*Directions*. Without including any pictures, give back all of the data exactly.

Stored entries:
****
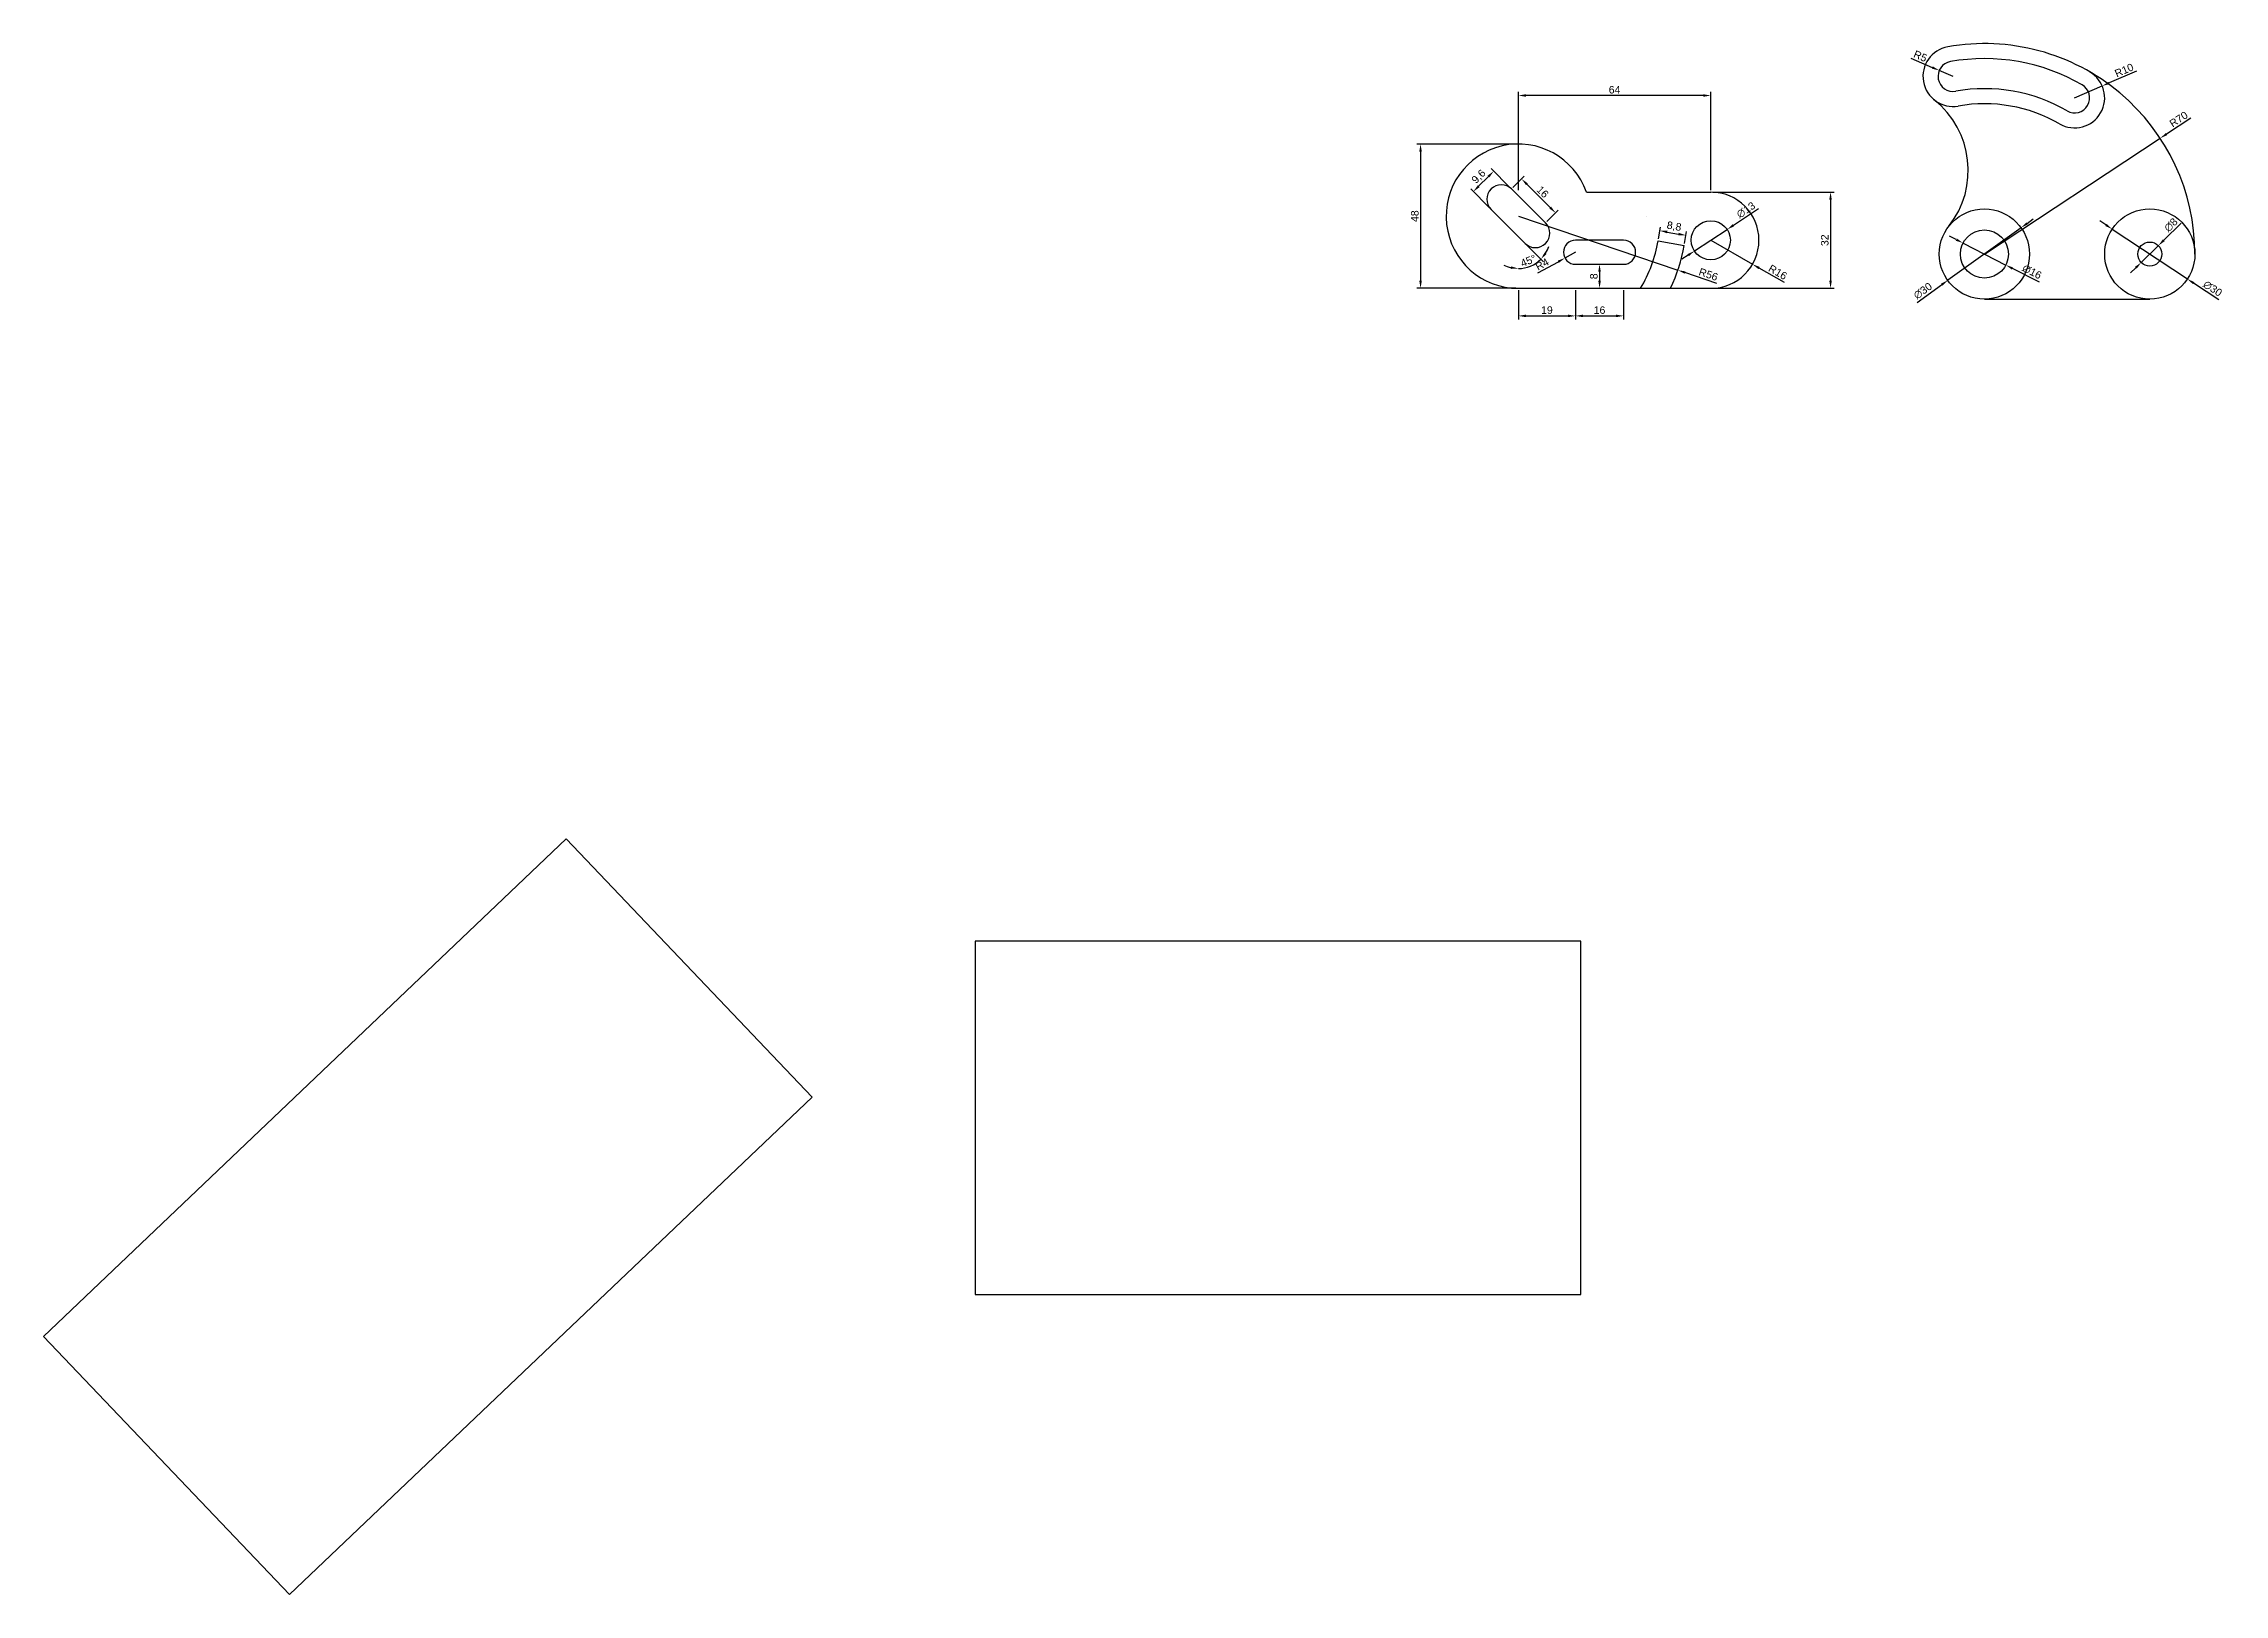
# Model space of a CAD drawing. Header units: millimetres. Extents: x -44 to 681, y 113 to 629.
import ezdxf

# ---------------------------------------------------------------- set-up
doc = ezdxf.new("R2010")
doc.units = ezdxf.units.MM
doc.styles.get("Standard").update_dxf_attribs({"font": 'arial.ttf'})
doc.dimstyles.new('ISO-25', dxfattribs={"dimtxt": 2.5, "dimasz": 2.5, "dimexe": 1.25, "dimexo": 0.625, "dimtad": 1, "dimtxsty": 'Standard', "dimcen": 2.5, "dimadec": 0, "dimazin": 0, "dimtfac": 1, "dimtmove": 0, "dimatfit": 3, "dimfxl": 1, "dimarcsym": 0})

# ---------------------------------------------------------------- blocks, each defined once
blk = doc.blocks.new('*D1')
at = {"color": 0, "lineweight": -2, "transparency": 16777216}
for p, q in [((465.38, 559.94), (461.88, 558.01)), ((452.88, 553.05), (459.69, 556.8))]:
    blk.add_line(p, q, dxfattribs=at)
****
*Problem solution*.
# Model space of a CAD drawing. Header units: millimetres. Extents: x -44 to 681, y 113 to 629.
import ezdxf

# ---------------------------------------------------------------- set-up
doc = ezdxf.new("R2010")
doc.units = ezdxf.units.MM
doc.styles.get("Standard").update_dxf_attribs({"font": 'arial.ttf'})
doc.dimstyles.new('ISO-25', dxfattribs={"dimtxt": 2.5, "dimasz": 2.5, "dimexe": 1.25, "dimexo": 0.625, "dimtad": 1, "dimtxsty": 'Standard', "dimcen": 2.5, "dimadec": 0, "dimazin": 0, "dimtfac": 1, "dimtmove": 0, "dimatfit": 3, "dimfxl": 1, "dimarcsym": 0})

# ---------------------------------------------------------------- blocks, each defined once
blk = doc.blocks.new('*D1')
at = {"color": 0, "lineweight": -2, "transparency": 16777216}
for p, q in [((465.38, 559.94), (461.88, 558.01)), ((452.88, 553.05), (459.69, 556.8))]:
    blk.add_line(p, q, dxfattribs=at)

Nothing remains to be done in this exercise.